Tiny Result Library in Go

Go can sometimes be frustrating—especially when it comes to error handling. Let me be clear: I love how simple and pragmatic Go is. But I also dislike how noisy and repetitive error handling can get. Writing if err != nil { return err } twenty times in a single function is not only boring—it also feels like programming in assembly when I signed up for a higher-level language.

So I wrote a Result[T] type. It’s small, generic, and gives me a taste of the expressive power you get in Rust. Below is how it works and why I think it’s a good (though not perfect) abstraction.

Implementation

package result

import "fmt"

type Result[T any] struct {
	val T
	err error
}

func From[T any](val T, err error) Result[T] {
	if err != nil {
		return Err[T](err)
	}
	return Ok(val)
}

func Ok[T any](val T) Result[T] {
	return Result[T]{val: val, err: nil}
}

func Err[T any](err error) Result[T] {
	var none T
	return Result[T]{val: none, err: err}
}

func (r Result[T]) IsErr() bool {
	return r.err != nil
}

func (r Result[T]) IsOk() bool {
	return r.err == nil
}

func (r Result[T]) Unwrap() T {
	if r.err != nil {
		panic(fmt.Sprintf("called Unwrap on Err: %v", r.err))
	}
	return r.val
}

func (r Result[T]) UnwrapOr(defaultVal T) T {
	if r.err != nil {
		return defaultVal
	}
	return r.val
}

func (r Result[T]) Map(f func(T) T) Result[T] {
	if r.err != nil {
		return r
	}
	return Ok(f(r.val))
}

func (r Result[T]) AndThen(f func(T) Result[T]) Result[T] {
	if r.err != nil {
		return r
	}
	return f(r.val)
}

What’s Good About This?

Cleaner Chaining

Instead of writing verbose error handling like this:

res, err := doThing()
if err != nil {
    return err
}
res2, err := doAnotherThing(res)
if err != nil {
    return err
}

You can express the same logic more concisely:

result.From(doThing()).
    AndThen(doAnotherThing).
    Unwrap()

This approach is more readable and declarative. It lets you focus on the data flow, not on boilerplate.

Safety with Panic Option

The Unwrap() method panics if the result contains an error, which is useful for quick scripts or test scenarios where you don’t want verbose error checks.
If you want a fallback, there’s UnwrapOr().

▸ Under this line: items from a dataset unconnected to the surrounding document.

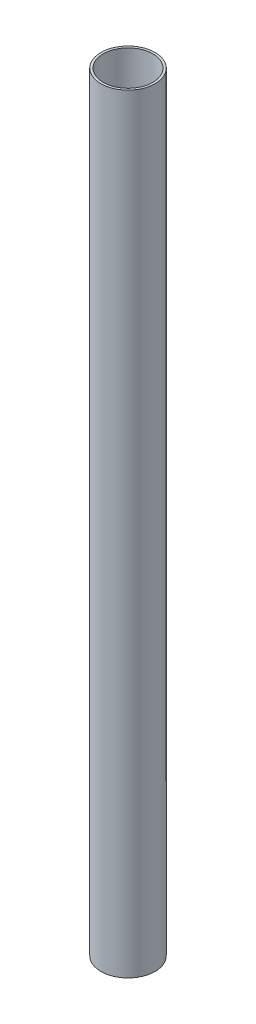
from build123d import *

# Parameters (mm, degrees)
SKETCH1_R           = 15.875
SKETCH1_R_2         = 14.5288
EXTRUDE_THIN1_DEPTH = 450.85


with BuildPart() as part:
    # Sketch1 → Extrude-Thin1 (new body)
    with BuildSketch(Plane(origin=(0, 0, 0), x_dir=(1, 0, 0), z_dir=(0, 1, 0))):
        Circle(SKETCH1_R)
        Circle(SKETCH1_R_2, mode=Mode.SUBTRACT)
    extrude(amount=EXTRUDE_THIN1_DEPTH)


solid = part.part
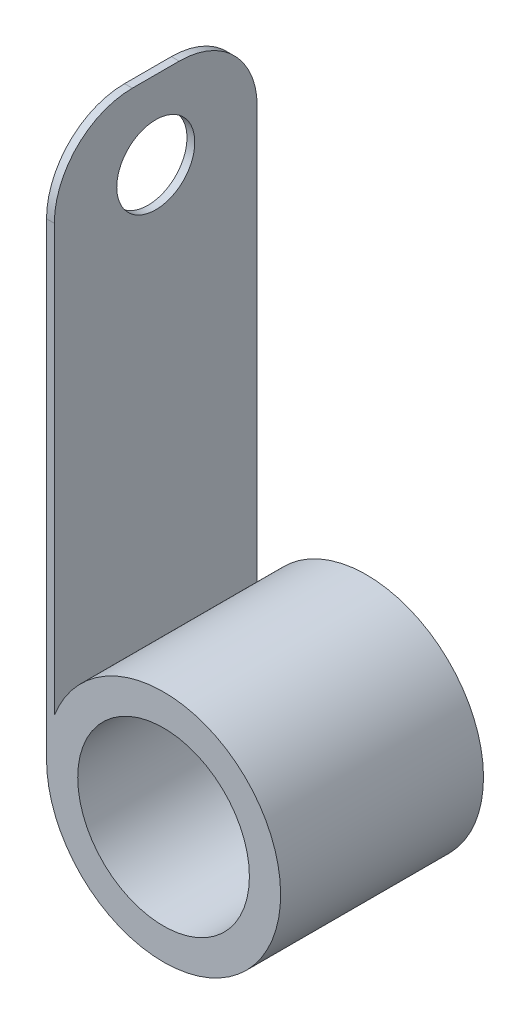
from build123d import *

# Parameters (mm, degrees)
ESBO_O1_R                = 7.5
ESBO_O1_R_2              = 5.5
RESSALTO_EXTRUS_O1_DEPTH = 13
ESBO_O2_W                = 0.5
ESBO_O2_H                = 13
RESSALTO_EXTRUS_O2_DEPTH = 35
ESBO_O3_R                = 2.5
CORTE_EXTRUS_O1_DEPTH    = 20
FILETE1_R                = 5


with BuildPart() as part:
    # Esboço1 → Ressalto-extrusão1 (new body)
    with BuildSketch(Plane.XY):
        with Locations(Location((0, 0, 0), (0, 0, 180))):
            Circle(ESBO_O1_R)
        with Locations(Location((0, 0, 0), (0, 0, 180))):
            Circle(ESBO_O1_R_2, mode=Mode.SUBTRACT)
    extrude(amount=RESSALTO_EXTRUS_O1_DEPTH)

    # Esboço2 → Ressalto-extrusão2 (add)
    with BuildSketch(Plane(origin=(0, 0, 0), x_dir=(1, 0, 0), z_dir=(0, 1, 0))):
        with Locations((-7.25, -6.5)):
            Rectangle(ESBO_O2_W, ESBO_O2_H)
    extrude(amount=RESSALTO_EXTRUS_O2_DEPTH)

    # Esboço3 → Corte-extrusão1 (cut)
    with BuildSketch(Plane.ZY.offset(7.5)):
        with Locations((6.5, 30)):
            Circle(ESBO_O3_R)
    extrude(amount=-CORTE_EXTRUS_O1_DEPTH, mode=Mode.SUBTRACT)

    # Filete1
    filete1_edges = [part.edges().sort_by_distance(p)[0] for p in [
        (-7.25, 35, 13),
        (-7.25, 35, 0),
    ]]
    fillet(filete1_edges, radius=FILETE1_R)


solid = part.part

This duality is inspired by Rust’s Result type.

Generic and Reusable

By leveraging Go’s generics, this works with any type. You get all the benefits of type safety without needing type assertions or reflection tricks.

Functional Flavor

Map() and AndThen() bring in a functional programming style.

This makes it possible to write expressive pipelines without nested conditionals.

Conclusion

I built this Result library not to rewrite Go’s philosophy, but to work with it. It’s a small abstraction that helps me write cleaner, more composable code—especially in projects where performance isn’t critical and developer happiness matters more.

If error handling in Go starts to feel like busywork, give it a try. Just remember: abstractions are tools, not rules. Use them where they help, and avoid them where they don’t.